---------- DATA FOR THE TASK

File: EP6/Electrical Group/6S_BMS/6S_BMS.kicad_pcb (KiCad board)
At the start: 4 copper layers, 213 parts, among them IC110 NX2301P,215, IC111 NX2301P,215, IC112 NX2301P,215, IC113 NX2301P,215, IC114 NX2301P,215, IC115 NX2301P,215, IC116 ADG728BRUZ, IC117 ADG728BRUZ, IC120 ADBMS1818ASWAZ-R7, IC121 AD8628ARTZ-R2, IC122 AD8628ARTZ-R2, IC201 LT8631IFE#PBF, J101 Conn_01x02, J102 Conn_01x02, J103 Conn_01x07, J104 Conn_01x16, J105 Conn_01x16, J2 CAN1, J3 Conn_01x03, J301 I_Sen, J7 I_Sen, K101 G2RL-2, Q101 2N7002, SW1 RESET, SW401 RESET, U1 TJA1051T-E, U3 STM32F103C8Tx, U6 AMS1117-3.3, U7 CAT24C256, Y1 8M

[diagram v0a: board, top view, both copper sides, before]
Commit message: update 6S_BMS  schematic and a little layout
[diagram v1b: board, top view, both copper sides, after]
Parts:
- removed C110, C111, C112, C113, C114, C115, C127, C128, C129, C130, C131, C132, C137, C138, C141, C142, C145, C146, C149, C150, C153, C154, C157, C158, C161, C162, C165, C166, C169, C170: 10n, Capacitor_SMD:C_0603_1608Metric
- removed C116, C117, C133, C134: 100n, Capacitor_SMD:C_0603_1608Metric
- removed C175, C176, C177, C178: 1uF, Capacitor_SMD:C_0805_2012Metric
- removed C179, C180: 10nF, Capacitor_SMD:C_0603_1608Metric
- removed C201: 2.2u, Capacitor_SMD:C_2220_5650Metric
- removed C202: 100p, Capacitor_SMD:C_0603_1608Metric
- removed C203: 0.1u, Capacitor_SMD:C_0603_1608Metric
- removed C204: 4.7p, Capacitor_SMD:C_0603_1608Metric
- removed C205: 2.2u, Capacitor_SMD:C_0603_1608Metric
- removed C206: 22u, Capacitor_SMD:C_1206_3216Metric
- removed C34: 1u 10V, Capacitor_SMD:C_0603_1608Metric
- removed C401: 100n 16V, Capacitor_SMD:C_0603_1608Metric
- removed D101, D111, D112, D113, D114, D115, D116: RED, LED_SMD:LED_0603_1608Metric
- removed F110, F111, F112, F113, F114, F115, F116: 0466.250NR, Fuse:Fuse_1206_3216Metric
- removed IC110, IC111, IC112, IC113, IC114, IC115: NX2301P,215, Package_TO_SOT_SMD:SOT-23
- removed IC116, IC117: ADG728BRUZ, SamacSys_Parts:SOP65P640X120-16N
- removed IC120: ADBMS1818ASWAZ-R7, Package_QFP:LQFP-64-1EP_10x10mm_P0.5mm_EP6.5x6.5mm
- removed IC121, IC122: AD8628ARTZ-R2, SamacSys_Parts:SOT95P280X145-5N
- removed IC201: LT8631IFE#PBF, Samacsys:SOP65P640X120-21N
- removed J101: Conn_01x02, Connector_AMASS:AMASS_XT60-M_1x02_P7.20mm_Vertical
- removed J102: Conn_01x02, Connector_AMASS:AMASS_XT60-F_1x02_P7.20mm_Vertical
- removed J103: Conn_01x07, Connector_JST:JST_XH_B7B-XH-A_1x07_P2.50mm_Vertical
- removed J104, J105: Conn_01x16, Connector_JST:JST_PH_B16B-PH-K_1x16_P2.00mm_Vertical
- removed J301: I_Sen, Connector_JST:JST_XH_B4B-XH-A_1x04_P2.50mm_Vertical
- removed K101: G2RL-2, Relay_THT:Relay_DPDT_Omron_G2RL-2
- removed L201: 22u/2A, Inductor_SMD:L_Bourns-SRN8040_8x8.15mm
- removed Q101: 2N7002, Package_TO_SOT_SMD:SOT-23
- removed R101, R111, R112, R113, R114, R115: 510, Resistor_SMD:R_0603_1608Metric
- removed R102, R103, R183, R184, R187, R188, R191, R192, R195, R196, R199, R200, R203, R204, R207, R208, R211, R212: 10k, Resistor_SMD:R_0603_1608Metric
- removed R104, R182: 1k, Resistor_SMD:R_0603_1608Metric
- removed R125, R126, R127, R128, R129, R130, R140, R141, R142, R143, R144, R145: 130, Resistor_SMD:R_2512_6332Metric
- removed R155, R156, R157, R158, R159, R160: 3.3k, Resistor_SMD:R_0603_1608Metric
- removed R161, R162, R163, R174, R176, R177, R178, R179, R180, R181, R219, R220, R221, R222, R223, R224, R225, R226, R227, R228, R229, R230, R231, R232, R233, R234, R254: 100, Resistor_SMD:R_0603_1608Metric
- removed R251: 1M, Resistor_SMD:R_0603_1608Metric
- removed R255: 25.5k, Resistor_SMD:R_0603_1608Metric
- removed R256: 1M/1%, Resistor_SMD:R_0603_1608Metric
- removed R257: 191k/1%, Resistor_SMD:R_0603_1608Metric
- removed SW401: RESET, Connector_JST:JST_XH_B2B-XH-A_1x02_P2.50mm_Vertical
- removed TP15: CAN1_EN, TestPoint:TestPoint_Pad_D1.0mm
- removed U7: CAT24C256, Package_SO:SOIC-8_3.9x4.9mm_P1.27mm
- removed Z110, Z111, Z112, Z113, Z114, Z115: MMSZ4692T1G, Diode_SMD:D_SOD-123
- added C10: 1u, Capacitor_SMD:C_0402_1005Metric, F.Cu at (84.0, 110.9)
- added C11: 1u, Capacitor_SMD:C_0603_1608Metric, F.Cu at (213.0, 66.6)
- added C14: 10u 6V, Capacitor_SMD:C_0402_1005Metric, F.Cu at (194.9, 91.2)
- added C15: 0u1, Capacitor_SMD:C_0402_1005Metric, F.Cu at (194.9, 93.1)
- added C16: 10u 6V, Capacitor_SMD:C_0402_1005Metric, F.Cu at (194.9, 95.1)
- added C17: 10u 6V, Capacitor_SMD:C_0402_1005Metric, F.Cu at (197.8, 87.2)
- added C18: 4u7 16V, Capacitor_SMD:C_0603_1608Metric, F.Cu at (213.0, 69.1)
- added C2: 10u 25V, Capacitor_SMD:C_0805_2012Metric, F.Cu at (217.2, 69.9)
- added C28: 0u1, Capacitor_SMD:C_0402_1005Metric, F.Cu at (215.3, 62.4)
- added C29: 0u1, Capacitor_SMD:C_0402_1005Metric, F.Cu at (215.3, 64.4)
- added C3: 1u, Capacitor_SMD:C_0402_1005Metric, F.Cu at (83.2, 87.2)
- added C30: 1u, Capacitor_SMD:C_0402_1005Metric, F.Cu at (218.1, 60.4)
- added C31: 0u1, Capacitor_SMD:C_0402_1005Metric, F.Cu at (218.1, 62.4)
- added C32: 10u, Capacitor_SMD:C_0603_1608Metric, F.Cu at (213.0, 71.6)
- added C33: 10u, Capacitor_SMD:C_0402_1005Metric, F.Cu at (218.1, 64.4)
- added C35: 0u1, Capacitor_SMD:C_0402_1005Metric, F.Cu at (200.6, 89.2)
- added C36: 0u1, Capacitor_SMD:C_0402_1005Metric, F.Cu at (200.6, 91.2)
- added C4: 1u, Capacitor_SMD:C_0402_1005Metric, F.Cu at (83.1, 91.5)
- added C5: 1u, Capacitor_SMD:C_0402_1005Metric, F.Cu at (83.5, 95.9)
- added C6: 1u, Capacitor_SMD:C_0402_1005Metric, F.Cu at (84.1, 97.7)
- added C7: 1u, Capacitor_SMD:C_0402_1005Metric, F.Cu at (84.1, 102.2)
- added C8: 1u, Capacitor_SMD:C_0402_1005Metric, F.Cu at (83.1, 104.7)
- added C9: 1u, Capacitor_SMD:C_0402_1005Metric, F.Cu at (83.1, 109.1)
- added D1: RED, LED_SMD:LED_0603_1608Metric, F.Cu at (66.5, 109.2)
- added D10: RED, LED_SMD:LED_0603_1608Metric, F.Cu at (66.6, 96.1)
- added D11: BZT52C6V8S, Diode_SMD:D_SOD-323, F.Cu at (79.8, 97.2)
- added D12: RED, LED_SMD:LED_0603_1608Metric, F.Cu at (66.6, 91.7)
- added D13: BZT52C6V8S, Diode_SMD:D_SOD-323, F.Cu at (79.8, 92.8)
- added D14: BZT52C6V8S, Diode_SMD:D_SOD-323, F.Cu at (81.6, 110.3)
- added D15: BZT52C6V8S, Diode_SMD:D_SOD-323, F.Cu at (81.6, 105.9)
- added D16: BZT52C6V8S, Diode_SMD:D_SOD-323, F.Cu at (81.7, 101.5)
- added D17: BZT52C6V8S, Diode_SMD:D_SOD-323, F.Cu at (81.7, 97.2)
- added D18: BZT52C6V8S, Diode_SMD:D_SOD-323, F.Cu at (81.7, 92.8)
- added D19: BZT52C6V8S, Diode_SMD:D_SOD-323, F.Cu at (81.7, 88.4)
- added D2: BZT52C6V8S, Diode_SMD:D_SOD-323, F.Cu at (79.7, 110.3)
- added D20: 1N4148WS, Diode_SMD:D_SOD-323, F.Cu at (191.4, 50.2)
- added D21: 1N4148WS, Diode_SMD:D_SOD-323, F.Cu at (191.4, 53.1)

--------------------

▶ TRY IT
Everything from the line with "- added C14: 10u" through the line with "- added C3: 1u, Capacitor_SMD:C_0402_1005Metric, F.Cu" in the listing above must be retyped exactly, with nothing added.

▶ WRITTEN REPLY
- added C14: 10u 6V, Capacitor_SMD:C_0402_1005Metric, F.Cu at (194.9, 91.2)
- added C15: 0u1, Capacitor_SMD:C_0402_1005Metric, F.Cu at (194.9, 93.1)
- added C16: 10u 6V, Capacitor_SMD:C_0402_1005Metric, F.Cu at (194.9, 95.1)
- added C17: 10u 6V, Capacitor_SMD:C_0402_1005Metric, F.Cu at (197.8, 87.2)
- added C18: 4u7 16V, Capacitor_SMD:C_0603_1608Metric, F.Cu at (213.0, 69.1)
- added C2: 10u 25V, Capacitor_SMD:C_0805_2012Metric, F.Cu at (217.2, 69.9)
- added C28: 0u1, Capacitor_SMD:C_0402_1005Metric, F.Cu at (215.3, 62.4)
- added C29: 0u1, Capacitor_SMD:C_0402_1005Metric, F.Cu at (215.3, 64.4)
- added C3: 1u, Capacitor_SMD:C_0402_1005Metric, F.Cu at (83.2, 87.2)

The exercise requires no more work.